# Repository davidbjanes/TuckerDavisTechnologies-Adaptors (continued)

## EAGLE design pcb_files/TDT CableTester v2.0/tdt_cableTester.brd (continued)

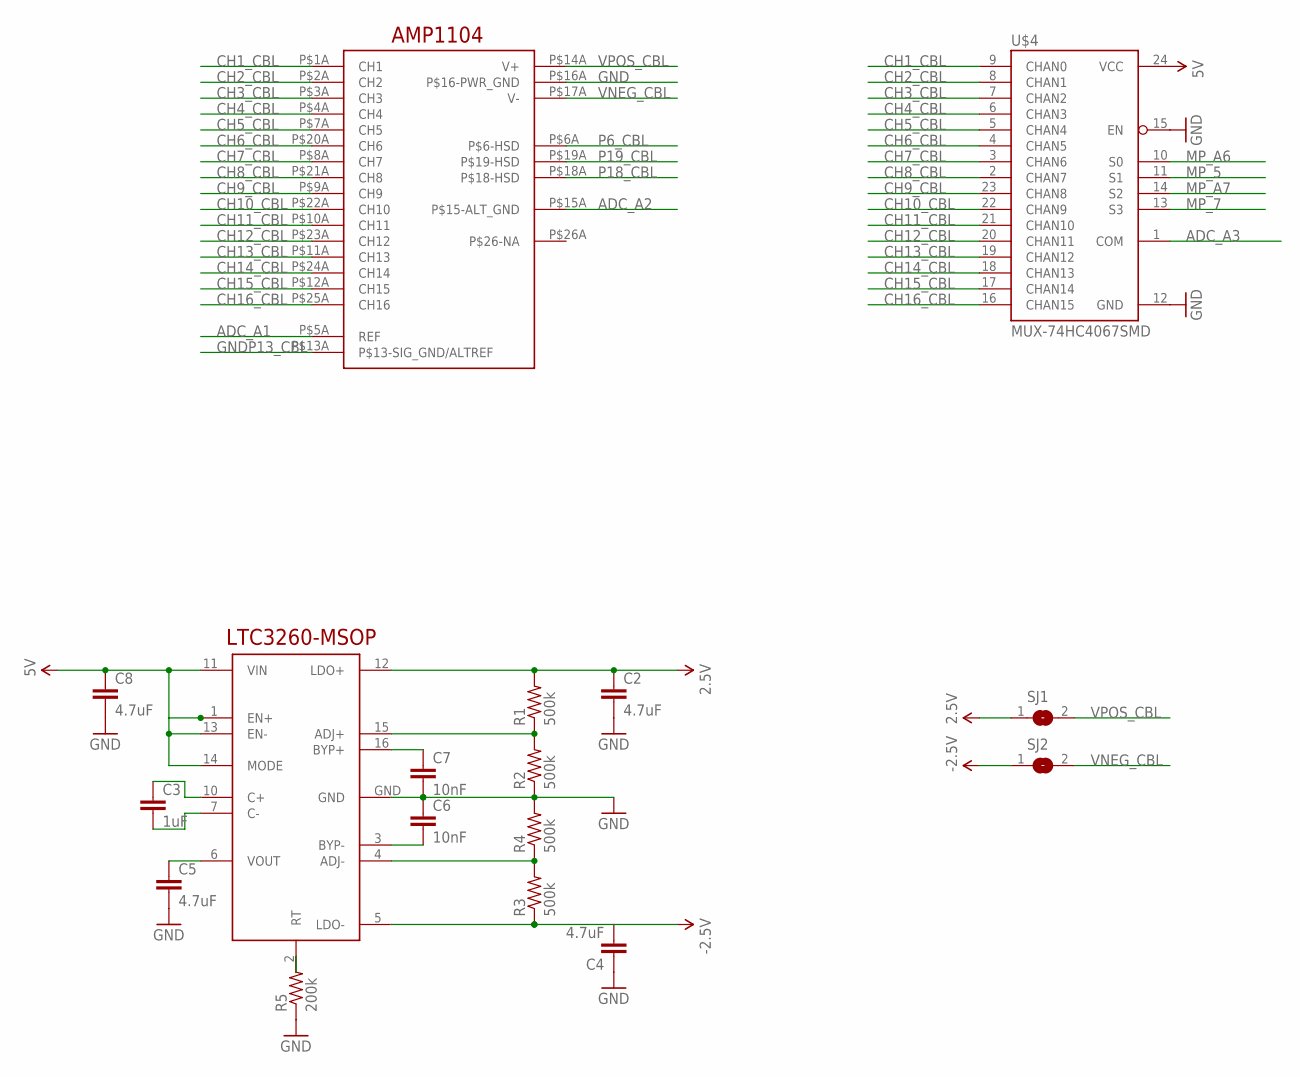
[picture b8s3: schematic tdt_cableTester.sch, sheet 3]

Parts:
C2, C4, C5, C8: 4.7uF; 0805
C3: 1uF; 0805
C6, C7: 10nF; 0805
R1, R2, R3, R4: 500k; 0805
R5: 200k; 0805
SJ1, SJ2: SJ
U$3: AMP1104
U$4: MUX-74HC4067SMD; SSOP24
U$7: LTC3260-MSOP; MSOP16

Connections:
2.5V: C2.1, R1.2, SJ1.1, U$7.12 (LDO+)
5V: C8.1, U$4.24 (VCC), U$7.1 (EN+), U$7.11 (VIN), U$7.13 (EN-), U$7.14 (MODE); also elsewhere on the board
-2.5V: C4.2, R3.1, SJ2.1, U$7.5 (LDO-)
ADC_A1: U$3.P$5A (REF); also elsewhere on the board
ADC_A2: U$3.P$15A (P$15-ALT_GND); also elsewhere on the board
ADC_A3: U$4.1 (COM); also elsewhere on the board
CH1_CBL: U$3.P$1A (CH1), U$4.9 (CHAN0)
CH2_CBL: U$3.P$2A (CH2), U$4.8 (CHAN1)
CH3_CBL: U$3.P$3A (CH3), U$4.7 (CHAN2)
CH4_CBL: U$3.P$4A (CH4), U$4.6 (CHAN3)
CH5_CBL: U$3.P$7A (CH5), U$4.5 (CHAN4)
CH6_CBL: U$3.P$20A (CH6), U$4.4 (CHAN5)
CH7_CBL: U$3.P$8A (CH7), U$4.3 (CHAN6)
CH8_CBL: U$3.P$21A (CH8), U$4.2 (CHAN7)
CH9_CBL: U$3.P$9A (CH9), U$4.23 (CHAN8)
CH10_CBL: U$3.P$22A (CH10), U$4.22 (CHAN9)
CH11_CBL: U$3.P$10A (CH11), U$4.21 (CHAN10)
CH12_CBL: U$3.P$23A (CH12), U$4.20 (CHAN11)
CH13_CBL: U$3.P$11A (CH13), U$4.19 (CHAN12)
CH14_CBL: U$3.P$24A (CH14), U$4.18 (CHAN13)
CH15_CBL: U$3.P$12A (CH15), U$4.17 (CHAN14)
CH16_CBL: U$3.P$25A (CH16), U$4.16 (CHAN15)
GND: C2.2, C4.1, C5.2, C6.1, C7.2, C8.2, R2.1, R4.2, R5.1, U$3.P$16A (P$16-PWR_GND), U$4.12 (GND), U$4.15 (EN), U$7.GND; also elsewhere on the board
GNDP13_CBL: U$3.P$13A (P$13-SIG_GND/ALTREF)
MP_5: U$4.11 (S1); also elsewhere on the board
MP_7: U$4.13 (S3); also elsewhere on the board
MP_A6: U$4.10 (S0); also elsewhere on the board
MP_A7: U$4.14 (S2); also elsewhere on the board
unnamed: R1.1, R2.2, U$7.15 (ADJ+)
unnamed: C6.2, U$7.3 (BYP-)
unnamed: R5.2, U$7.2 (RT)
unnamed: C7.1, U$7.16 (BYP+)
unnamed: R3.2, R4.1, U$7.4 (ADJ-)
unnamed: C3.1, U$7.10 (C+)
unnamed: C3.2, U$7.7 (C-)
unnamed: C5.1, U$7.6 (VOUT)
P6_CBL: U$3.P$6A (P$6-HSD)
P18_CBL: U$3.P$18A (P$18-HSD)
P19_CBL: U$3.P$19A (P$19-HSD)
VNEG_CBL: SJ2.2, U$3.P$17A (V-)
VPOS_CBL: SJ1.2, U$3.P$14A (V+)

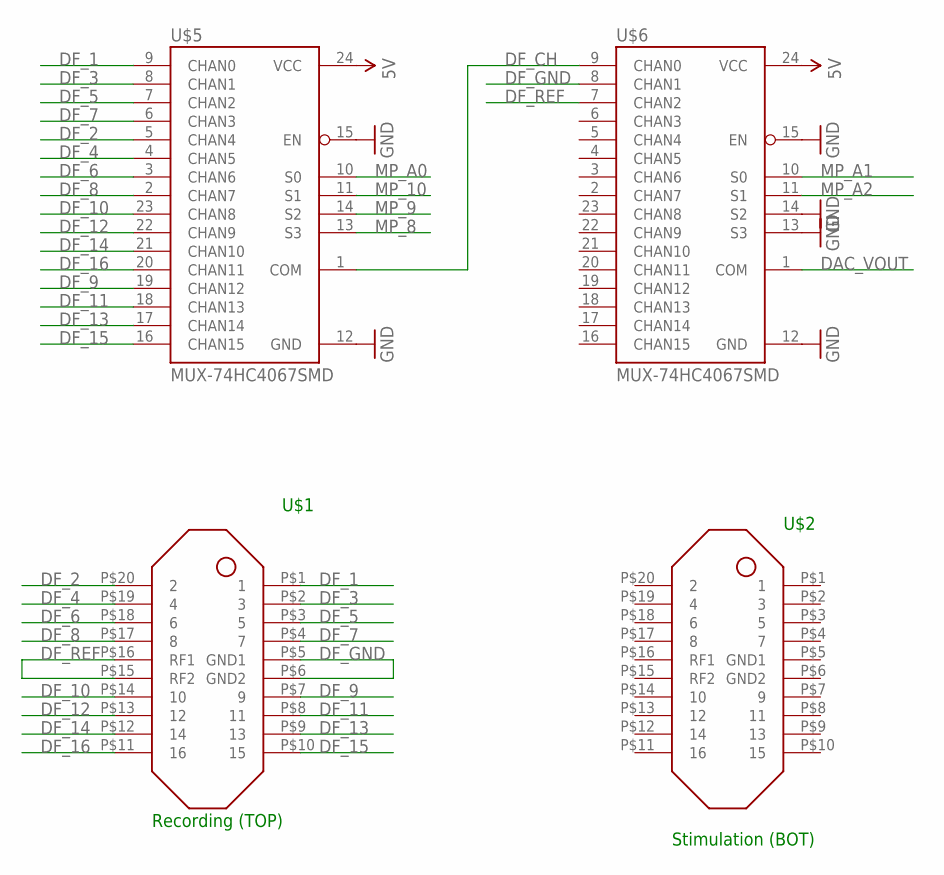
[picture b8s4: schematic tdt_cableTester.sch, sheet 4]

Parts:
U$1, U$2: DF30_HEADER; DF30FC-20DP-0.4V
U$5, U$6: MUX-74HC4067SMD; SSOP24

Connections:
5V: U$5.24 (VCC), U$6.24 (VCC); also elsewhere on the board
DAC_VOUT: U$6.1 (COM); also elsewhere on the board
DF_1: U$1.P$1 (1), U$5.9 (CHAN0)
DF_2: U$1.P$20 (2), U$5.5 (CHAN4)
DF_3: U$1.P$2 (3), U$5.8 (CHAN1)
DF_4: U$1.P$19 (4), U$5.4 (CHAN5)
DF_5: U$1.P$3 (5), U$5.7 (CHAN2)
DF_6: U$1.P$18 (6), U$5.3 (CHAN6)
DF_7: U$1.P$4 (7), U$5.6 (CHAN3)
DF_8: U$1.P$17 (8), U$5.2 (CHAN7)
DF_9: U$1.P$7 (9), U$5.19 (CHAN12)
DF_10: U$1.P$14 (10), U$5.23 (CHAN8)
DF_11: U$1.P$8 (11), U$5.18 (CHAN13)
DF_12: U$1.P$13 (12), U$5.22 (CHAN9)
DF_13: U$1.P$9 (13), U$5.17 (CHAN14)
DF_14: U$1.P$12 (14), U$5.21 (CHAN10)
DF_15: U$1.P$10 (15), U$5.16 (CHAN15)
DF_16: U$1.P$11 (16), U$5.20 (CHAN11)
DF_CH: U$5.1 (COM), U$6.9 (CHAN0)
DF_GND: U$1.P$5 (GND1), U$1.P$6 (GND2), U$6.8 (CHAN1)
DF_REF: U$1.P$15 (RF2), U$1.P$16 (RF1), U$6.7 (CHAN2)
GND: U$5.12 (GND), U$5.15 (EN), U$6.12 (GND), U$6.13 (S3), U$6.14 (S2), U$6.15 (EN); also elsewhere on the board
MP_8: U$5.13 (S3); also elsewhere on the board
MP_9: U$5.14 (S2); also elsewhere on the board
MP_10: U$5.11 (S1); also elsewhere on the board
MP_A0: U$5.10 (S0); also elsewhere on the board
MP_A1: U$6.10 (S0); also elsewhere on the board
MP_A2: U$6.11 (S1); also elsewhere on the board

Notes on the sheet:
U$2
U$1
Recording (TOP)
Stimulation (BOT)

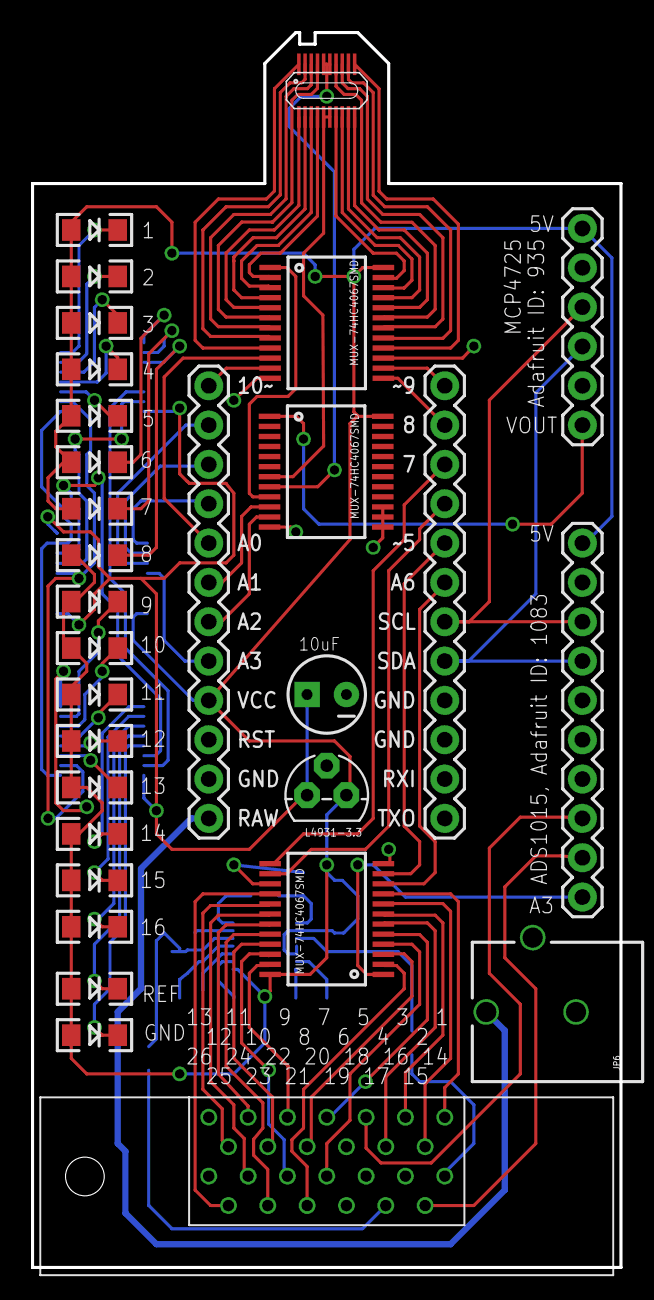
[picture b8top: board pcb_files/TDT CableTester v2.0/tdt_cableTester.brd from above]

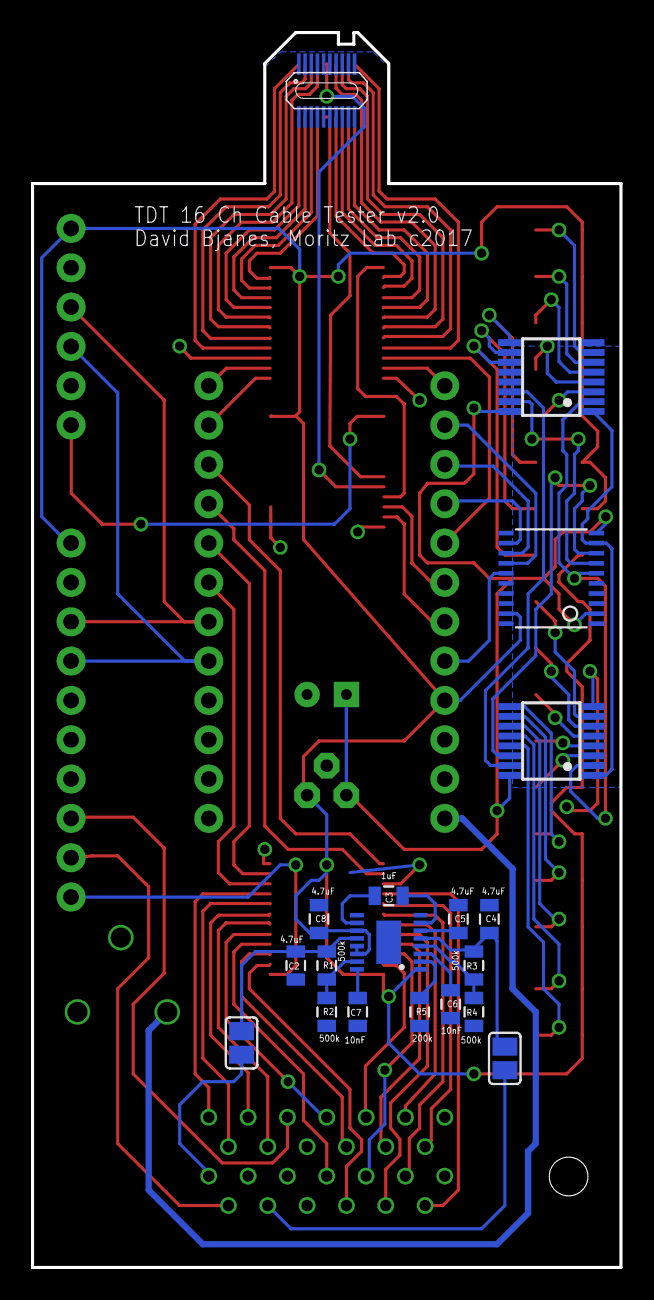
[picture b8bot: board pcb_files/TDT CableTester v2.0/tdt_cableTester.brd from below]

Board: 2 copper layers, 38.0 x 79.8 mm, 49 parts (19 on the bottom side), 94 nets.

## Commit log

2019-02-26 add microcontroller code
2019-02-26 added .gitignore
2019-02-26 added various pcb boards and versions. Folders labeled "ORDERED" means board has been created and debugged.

- - - - -

### Description of the task
Going from the line holding "DF_GND: U$1.P$5 (GND1), U$1.P$6" to the last line of the data above, reproduce every line exactly, both included, with the pictures omitted.

### The answer
DF_GND: U$1.P$5 (GND1), U$1.P$6 (GND2), U$6.8 (CHAN1)
DF_REF: U$1.P$15 (RF2), U$1.P$16 (RF1), U$6.7 (CHAN2)
GND: U$5.12 (GND), U$5.15 (EN), U$6.12 (GND), U$6.13 (S3), U$6.14 (S2), U$6.15 (EN); also elsewhere on the board
MP_8: U$5.13 (S3); also elsewhere on the board
MP_9: U$5.14 (S2); also elsewhere on the board
MP_10: U$5.11 (S1); also elsewhere on the board
MP_A0: U$5.10 (S0); also elsewhere on the board
MP_A1: U$6.10 (S0); also elsewhere on the board
MP_A2: U$6.11 (S1); also elsewhere on the board

Notes on the sheet:
U$2
U$1
Recording (TOP)
Stimulation (BOT)

[picture b8top: board pcb_files/TDT CableTester v2.0/tdt_cableTester.brd from above]

[picture b8bot: board pcb_files/TDT CableTester v2.0/tdt_cableTester.brd from below]

Board: 2 copper layers, 38.0 x 79.8 mm, 49 parts (19 on the bottom side), 94 nets.

## Commit log

2019-02-26 add microcontroller code
2019-02-26 added .gitignore
2019-02-26 added various pcb boards and versions. Folders labeled "ORDERED" means board has been created and debugged.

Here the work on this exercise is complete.